Everything is sorted.

Considerting that every shift costs:

Worst-case scenario: The array is in reverse order.
Best-case scenario: The array is already sorted. (No shift is required)

Binary Insertion Sort

In the example above, I only explained the shifting and skipped how to find the proper location to insert the selected element at each iteration. With linear search which is the basic method of insertion sort, it takes O(n). But this can be reduced to O(n log n) by using binary search. This is binary insertion sort.

Merge Sort

The idea is to sort smaller arrays and then merge those arrays together in sorted order, which is called divide-and-conquer. And it does does this by doing recursion. As a side note, recursion takes up more memory to use call stack.

Here’s the pseudocode:

Sort the left half of the array (assuming n > 1)
Sort the right half of the array (assuming n > 1)
Merge the two halves together

The visual explanation is as follows:

merge sort

The array is divided into two arrays - [5, 2, 1] and [3, 6, 4].
The left half of the array [5, 2, 1] is to be sorted. This again divided into two arrays - [5] and [2, 1].
[5] is declared as ‘sorted’ as it only has one element. The next array to sort is the right half of the array [2, 1].
[2, 1] is divided again. The left array [2] is declared as ‘sorted’ and the right array [1] is also declard as ‘sorted’.
Compare the first element of the left array which is 2 and the first element of the right array which is 1. Figure out which one is smaller. The smaller element 1 becomes the first element of the new sorted array. And 2 becomes the second element of the new array.
Just like step 5, compare the first element of the left array which is 5 and the first element of the right array which 1. Figure out which one is smaller. The smaller element 1 from the right array becomes the first element of the new sorted array. The next decision is to compare 5 and 2, so 2 becomes the second element of the new array. The last element 5 becomes the third element of the new array.
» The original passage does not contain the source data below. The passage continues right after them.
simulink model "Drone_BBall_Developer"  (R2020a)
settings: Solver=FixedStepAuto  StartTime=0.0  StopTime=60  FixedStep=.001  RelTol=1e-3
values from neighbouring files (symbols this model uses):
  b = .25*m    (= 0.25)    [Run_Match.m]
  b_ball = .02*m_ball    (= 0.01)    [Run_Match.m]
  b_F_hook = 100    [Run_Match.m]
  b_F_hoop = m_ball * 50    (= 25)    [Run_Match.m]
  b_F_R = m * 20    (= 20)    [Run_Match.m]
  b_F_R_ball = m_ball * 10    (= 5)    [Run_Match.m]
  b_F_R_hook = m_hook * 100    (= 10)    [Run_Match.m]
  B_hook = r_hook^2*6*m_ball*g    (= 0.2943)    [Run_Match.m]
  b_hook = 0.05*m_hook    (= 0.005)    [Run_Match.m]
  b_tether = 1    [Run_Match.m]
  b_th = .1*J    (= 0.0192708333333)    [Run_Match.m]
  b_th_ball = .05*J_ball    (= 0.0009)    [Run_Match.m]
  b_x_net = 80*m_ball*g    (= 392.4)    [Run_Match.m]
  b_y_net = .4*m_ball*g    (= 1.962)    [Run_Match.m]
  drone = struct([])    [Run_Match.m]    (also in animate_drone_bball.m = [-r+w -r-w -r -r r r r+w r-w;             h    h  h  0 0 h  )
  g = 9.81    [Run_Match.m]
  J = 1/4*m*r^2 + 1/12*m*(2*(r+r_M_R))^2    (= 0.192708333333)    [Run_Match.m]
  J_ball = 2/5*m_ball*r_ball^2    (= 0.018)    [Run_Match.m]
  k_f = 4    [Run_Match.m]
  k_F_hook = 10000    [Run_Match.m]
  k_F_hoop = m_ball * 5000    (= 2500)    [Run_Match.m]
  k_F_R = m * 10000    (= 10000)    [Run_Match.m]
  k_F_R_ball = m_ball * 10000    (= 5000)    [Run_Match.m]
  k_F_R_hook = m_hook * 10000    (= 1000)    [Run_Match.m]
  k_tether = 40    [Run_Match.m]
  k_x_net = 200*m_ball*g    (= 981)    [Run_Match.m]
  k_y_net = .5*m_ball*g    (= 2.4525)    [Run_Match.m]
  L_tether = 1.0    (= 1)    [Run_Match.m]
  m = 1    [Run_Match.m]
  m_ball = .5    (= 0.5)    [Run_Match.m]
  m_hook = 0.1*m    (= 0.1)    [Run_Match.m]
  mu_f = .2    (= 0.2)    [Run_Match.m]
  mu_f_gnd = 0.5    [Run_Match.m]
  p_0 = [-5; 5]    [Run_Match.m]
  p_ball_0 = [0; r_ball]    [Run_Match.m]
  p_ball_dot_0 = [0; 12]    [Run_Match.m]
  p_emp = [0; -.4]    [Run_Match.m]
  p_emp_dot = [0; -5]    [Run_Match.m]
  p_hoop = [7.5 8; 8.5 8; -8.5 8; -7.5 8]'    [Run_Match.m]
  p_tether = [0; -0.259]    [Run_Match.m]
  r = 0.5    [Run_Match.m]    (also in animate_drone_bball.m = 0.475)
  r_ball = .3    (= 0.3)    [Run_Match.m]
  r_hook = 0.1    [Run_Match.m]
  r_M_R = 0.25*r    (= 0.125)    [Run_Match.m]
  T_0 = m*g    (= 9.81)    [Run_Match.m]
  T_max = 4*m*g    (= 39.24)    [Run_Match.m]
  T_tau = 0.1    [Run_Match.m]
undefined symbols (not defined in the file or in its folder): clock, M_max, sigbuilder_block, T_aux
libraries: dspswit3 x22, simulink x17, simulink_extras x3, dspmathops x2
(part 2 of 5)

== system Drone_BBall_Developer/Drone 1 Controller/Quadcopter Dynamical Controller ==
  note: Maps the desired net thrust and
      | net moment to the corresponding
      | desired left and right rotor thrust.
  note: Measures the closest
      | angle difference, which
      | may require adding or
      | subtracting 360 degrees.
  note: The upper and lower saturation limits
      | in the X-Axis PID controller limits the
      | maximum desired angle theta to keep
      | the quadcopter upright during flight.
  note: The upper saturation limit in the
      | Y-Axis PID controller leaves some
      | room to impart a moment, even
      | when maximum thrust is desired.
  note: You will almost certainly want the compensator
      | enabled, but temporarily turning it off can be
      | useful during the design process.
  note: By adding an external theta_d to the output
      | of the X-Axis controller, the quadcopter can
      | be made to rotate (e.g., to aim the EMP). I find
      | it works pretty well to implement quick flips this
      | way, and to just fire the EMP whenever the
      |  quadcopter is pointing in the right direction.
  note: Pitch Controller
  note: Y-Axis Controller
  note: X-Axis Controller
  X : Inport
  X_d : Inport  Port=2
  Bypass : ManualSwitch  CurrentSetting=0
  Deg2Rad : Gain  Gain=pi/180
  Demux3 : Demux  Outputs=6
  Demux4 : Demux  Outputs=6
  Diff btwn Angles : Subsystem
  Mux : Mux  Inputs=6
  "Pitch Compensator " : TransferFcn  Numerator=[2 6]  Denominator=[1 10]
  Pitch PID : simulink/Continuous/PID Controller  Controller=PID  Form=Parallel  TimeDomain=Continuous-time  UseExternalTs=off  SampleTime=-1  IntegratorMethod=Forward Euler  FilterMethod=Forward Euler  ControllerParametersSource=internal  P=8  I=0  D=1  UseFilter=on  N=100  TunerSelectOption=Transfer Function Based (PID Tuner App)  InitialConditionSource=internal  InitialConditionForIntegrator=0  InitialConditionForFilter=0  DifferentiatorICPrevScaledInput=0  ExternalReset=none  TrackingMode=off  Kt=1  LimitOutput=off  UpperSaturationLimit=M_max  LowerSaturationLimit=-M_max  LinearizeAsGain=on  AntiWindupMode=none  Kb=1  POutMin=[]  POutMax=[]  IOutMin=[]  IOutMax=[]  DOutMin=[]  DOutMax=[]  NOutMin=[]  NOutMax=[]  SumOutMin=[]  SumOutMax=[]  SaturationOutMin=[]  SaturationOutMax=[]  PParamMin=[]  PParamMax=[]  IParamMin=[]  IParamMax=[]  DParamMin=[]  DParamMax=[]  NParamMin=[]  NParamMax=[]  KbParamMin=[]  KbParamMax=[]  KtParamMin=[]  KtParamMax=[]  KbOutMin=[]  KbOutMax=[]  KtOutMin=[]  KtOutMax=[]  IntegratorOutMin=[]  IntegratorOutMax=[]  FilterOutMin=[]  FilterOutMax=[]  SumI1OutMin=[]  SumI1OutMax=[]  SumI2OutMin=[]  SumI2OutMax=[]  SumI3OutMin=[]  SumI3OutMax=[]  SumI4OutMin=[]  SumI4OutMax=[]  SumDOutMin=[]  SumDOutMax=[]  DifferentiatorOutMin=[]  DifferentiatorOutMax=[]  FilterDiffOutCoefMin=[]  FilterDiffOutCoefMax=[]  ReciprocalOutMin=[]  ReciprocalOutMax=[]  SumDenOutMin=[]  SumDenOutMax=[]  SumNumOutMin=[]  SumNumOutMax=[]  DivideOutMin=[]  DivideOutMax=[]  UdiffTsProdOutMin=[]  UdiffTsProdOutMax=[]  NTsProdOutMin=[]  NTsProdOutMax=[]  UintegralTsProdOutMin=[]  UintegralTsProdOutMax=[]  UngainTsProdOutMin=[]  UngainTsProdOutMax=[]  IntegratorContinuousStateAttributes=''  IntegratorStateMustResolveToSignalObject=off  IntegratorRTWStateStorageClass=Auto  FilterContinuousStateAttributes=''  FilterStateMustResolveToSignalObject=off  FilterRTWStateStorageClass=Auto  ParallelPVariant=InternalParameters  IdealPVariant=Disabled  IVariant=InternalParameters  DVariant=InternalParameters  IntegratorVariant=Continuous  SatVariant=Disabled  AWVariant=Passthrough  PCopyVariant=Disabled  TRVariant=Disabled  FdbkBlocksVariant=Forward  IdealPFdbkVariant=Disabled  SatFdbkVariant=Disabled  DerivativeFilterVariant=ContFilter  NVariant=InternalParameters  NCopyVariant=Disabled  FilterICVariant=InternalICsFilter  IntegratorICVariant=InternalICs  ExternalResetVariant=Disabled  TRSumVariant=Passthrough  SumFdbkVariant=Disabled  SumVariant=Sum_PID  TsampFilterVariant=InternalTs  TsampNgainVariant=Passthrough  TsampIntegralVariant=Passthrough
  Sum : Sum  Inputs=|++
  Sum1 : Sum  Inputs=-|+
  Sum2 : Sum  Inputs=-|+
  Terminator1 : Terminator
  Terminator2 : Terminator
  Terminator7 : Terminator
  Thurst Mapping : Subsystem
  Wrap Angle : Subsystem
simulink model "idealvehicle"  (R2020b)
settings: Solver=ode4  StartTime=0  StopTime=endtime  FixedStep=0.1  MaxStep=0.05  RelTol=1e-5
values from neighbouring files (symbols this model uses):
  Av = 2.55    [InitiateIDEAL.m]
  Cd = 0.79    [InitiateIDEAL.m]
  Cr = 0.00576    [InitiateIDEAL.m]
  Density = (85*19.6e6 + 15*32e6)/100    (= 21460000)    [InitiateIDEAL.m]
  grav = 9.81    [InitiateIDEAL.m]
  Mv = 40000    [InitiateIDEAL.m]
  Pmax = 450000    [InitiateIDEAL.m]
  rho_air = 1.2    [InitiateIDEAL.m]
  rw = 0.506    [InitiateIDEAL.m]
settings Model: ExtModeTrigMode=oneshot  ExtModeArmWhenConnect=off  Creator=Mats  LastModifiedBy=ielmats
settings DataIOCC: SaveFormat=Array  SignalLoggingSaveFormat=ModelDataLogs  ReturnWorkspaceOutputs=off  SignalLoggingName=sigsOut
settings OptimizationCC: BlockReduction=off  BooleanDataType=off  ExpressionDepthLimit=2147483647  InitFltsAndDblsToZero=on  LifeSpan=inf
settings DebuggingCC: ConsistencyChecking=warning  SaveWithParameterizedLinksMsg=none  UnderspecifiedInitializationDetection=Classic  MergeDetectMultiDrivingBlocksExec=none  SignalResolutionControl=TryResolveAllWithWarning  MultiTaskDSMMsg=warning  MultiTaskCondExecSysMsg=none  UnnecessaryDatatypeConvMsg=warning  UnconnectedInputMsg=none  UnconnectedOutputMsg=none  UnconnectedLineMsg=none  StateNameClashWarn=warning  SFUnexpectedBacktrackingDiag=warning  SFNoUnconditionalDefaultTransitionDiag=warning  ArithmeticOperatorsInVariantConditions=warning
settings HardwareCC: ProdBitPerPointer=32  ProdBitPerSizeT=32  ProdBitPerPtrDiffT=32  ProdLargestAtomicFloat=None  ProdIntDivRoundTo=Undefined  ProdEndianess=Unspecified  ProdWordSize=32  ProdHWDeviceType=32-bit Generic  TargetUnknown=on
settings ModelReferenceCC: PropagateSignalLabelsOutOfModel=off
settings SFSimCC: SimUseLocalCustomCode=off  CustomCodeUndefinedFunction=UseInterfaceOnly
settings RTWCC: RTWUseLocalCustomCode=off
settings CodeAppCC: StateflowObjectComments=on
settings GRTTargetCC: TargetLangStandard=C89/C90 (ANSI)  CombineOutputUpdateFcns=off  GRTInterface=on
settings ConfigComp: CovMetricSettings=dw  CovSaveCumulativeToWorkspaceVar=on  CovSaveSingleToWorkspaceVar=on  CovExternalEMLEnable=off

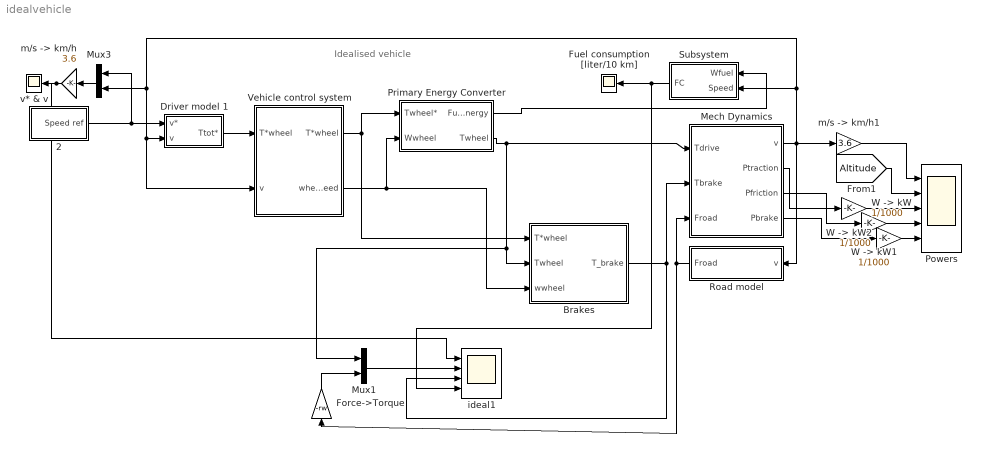
== system idealvehicle ==
  note: Idealised vehicle
  " 2" : Subsystem
  Brakes : Subsystem
  Driver model 1 : Subsystem  mask{Mv=Mv, rw=rw, Pmax=Pmax}
      mask prompts: Mv "Vehicle Mass"; rw "Wheel Radius"; Pmax "Max Wheel Power"
      mask init:
      | Ti = 2 + 1*(Mv-1000)/19000;
      | Kv=4*Mv/Ti;
  Force->Torque : Gain  Gain=-rw  SaturateOnIntegerOverflow=on  OutDataTypeStr=Inherit: Same as input  ParamDataTypeStr=Inherit: Same as input
  Fuel consumption [liter/10 km] : Scope
  Mech Dynamics : Subsystem
  Mux1 : Mux  Inputs=2
  Mux3 : Mux  Inputs=2
  Powers : Scope  NumInputPorts=5
  Primary Energy Converter : Subsystem
  Road model : Subsystem
  Subsystem : Subsystem
  Vehicle control system : Subsystem
  "W -> kW" : Gain  Gain=1/1000  SaturateOnIntegerOverflow=on  OutDataTypeStr=Inherit: Same as input  ParamDataTypeStr=Inherit: Same as input
  "W -> kW1" : Gain  Gain=1/1000  SaturateOnIntegerOverflow=on  OutDataTypeStr=Inherit: Same as input  ParamDataTypeStr=Inherit: Same as input
  "W -> kW2" : Gain  Gain=1/1000  SaturateOnIntegerOverflow=on  OutDataTypeStr=Inherit: Same as input  ParamDataTypeStr=Inherit: Same as input
  ideal1 : Scope  NumInputPorts=4
  "m/s -> km/h" : Gain  Gain=3.6  SaturateOnIntegerOverflow=on  OutDataTypeStr=Inherit: Same as input  ParamDataTypeStr=Inherit: Same as input
  "m/s -> km/h1" : Gain  Gain=3.6  SaturateOnIntegerOverflow=on  OutDataTypeStr=Inherit: Same as input  ParamDataTypeStr=Inherit: Same as input
  v* & v : Scope
  wires:
  Primary Energy Converter/2(Twheel) -> Brakes/2(Twheel), Mux1/1, Mech Dynamics/1(Tdrive)
  " 2"/1(Speed ref) -> Mux3/1, Driver model 1/1(v*)
  Driver model 1/1(Ttot*) -> Vehicle control system/1(T*wheel)
  Mux3/1 -> "m/s -> km/h"/1
  Vehicle control system/1("T*wheel ") -> Primary Energy Converter/1(Twheel*), Brakes/1(T*wheel)
  Mech Dynamics/1(v) -> Road model/1("v "), Subsystem/2(Speed), Driver model 1/2(v), Vehicle control system/2(v), Mux3/2, "m/s -> km/h1"/1
  Road model/1(Froad) -> Force->Torque/1, Mech Dynamics/3(Froad)
  Brakes/1(T_brake) -> ideal1/3, Mech Dynamics/2(Tbrake)
  Primary Energy Converter/1(Fuel energy) -> Subsystem/1(Wfuel)
  "m/s -> km/h"/1 -> ideal1/1, v* & v/1
  Subsystem/1(FC) -> Fuel consumption [liter/10 km]/1, ideal1/4
  Vehicle control system/2(wheel speed) -> Primary Energy Converter/2(Wwheel), Brakes/3(wwheel)
  Mux1/1 -> ideal1/2
  Force->Torque/1 -> Mux1/2
  [Altitude] -> Powers/2
  Mech Dynamics/3(Pfriction) -> "W -> kW1"/1
  Mech Dynamics/4(Pbrake) -> "W -> kW2"/1
  "m/s -> km/h1"/1 -> Powers/1
  Mech Dynamics/2(Ptraction) -> "W -> kW"/1
  "W -> kW"/1 -> Powers/3
  "W -> kW1"/1 -> Powers/4
  "W -> kW2"/1 -> Powers/5

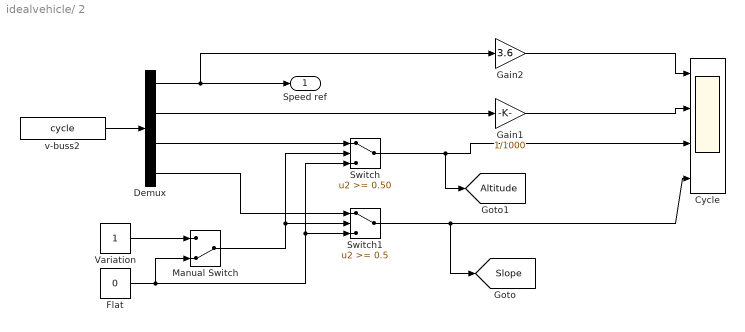
== system idealvehicle/ 2 ==
  Cycle : Scope  NumInputPorts=4
  Demux : Demux
  Flat : Constant  Value=0
  Gain1 : Gain  Gain=1/1000  SaturateOnIntegerOverflow=on  OutDataTypeStr=Inherit: Same as input  ParamDataTypeStr=Inherit: Same as input
  Gain2 : Gain  Gain=3.6  SaturateOnIntegerOverflow=on  OutDataTypeStr=Inherit: Same as input  ParamDataTypeStr=Inherit: Same as input
  Manual Switch : ManualSwitch  CurrentSetting=0
  Switch : Switch  Threshold=0.50
  Switch1 : Switch  Threshold=0.5
  Variation : Constant
  v-buss2 : FromWorkspace  VariableName=cycle  SampleTime=.2  ZeroCross=off
  Speed ref : Outport  VectorParamsAs1DForOutWhenUnconnected=off
  tag scope: Altitude=global, Slope=global
  wires:
  v-buss2/1 -> Demux/1
  Demux/4 -> Switch1/1
  Demux/1 -> Speed ref/1, Gain2/1
  Demux/3 -> Switch/1
  Demux/2 -> Gain1/1
  Flat/1 -> Switch1/3, Switch/3, Manual Switch/2
  Switch/1 -> Cycle/3, [Altitude]
  Switch1/1 -> Cycle/4, [Slope]
  Variation/1 -> Manual Switch/1
  Manual Switch/1 -> Switch/2, Switch1/2
  Gain1/1 -> Cycle/2
  Gain2/1 -> Cycle/1

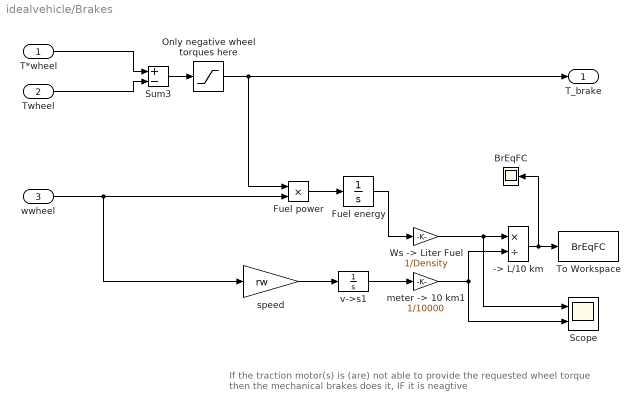
== system idealvehicle/Brakes ==
  note: If the traction motor(s) is (are) not able to provide the requested wheel torque
      | then the mechanical brakes does it, IF it is neagtive
  T*wheel : Inport
  Twheel : Inport  Port=2
  wwheel : Inport  Port=3
  -> L/10 km : Product  Inputs=*/  InputSameDT=on  SaturateOnIntegerOverflow=on  OutDataTypeStr=Inherit: Same as first input
  BrEqFC : Scope
  "Fuel energy " : Integrator
  Fuel power : Product  Inputs=**  InputSameDT=on  SaturateOnIntegerOverflow=on  OutDataTypeStr=Inherit: Same as first input
  Only negative wheel torques here : Saturate  UpperLimit=0  LowerLimit=-inf
  Scope : Scope  NumInputPorts=2
  Sum3 : Sum  Inputs=+-  InputSameDT=on  SaturateOnIntegerOverflow=on  OutDataTypeStr=Inherit: Same as first input
  To Workspace : ToWorkspace  VariableName=BrEqFC  SampleTime=-1
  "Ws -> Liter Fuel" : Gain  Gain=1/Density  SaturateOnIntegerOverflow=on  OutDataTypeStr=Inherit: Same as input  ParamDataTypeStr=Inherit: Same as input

Now we have the sorted array of [1, 2, 5].
(Repeat the step 2 with different elements.)
(Repeat the step 3 with different elements.)
(Repeat the step 4 with different elements.)
(Repeat the step 5 with different elements.)
(Repeat the step 6 with different elements.)
Now that we have sorted the left half and the right half of the original array, merge two halves into one. This is done by going through the same process that we did for merging.

With merge sort, even if the array is already sorted, we still have to recursively divide and conquer. So the time complexity of best-case and worst-case is just O(n log n). Therefore, merge sort can be a better solution for sorting arrays that would be the worst-case scenario in insertion sort.

In-place Merge Sort

The standard implementation of merge sort requires the memory space of the input size. In-place merge sorts are variants to attempt to reduce this memory requirement by sorting a list in place, and there are several implementations. The space complexity of any in-place merge sort would still be O(n) just like standard merge sort, however, remember that asymptotic complexity does not necessarily mean practical complexity.

Timsort

Timsort is a hybrid stable sorting algorithm based on insertion sort and merge sort. It takes advantage of already sorted elements that exist in most real-world data and implements several optimization techniques in order to minimize the total number of comparisons and memory usage. In other words, the detailed implementation is quite sophisticated.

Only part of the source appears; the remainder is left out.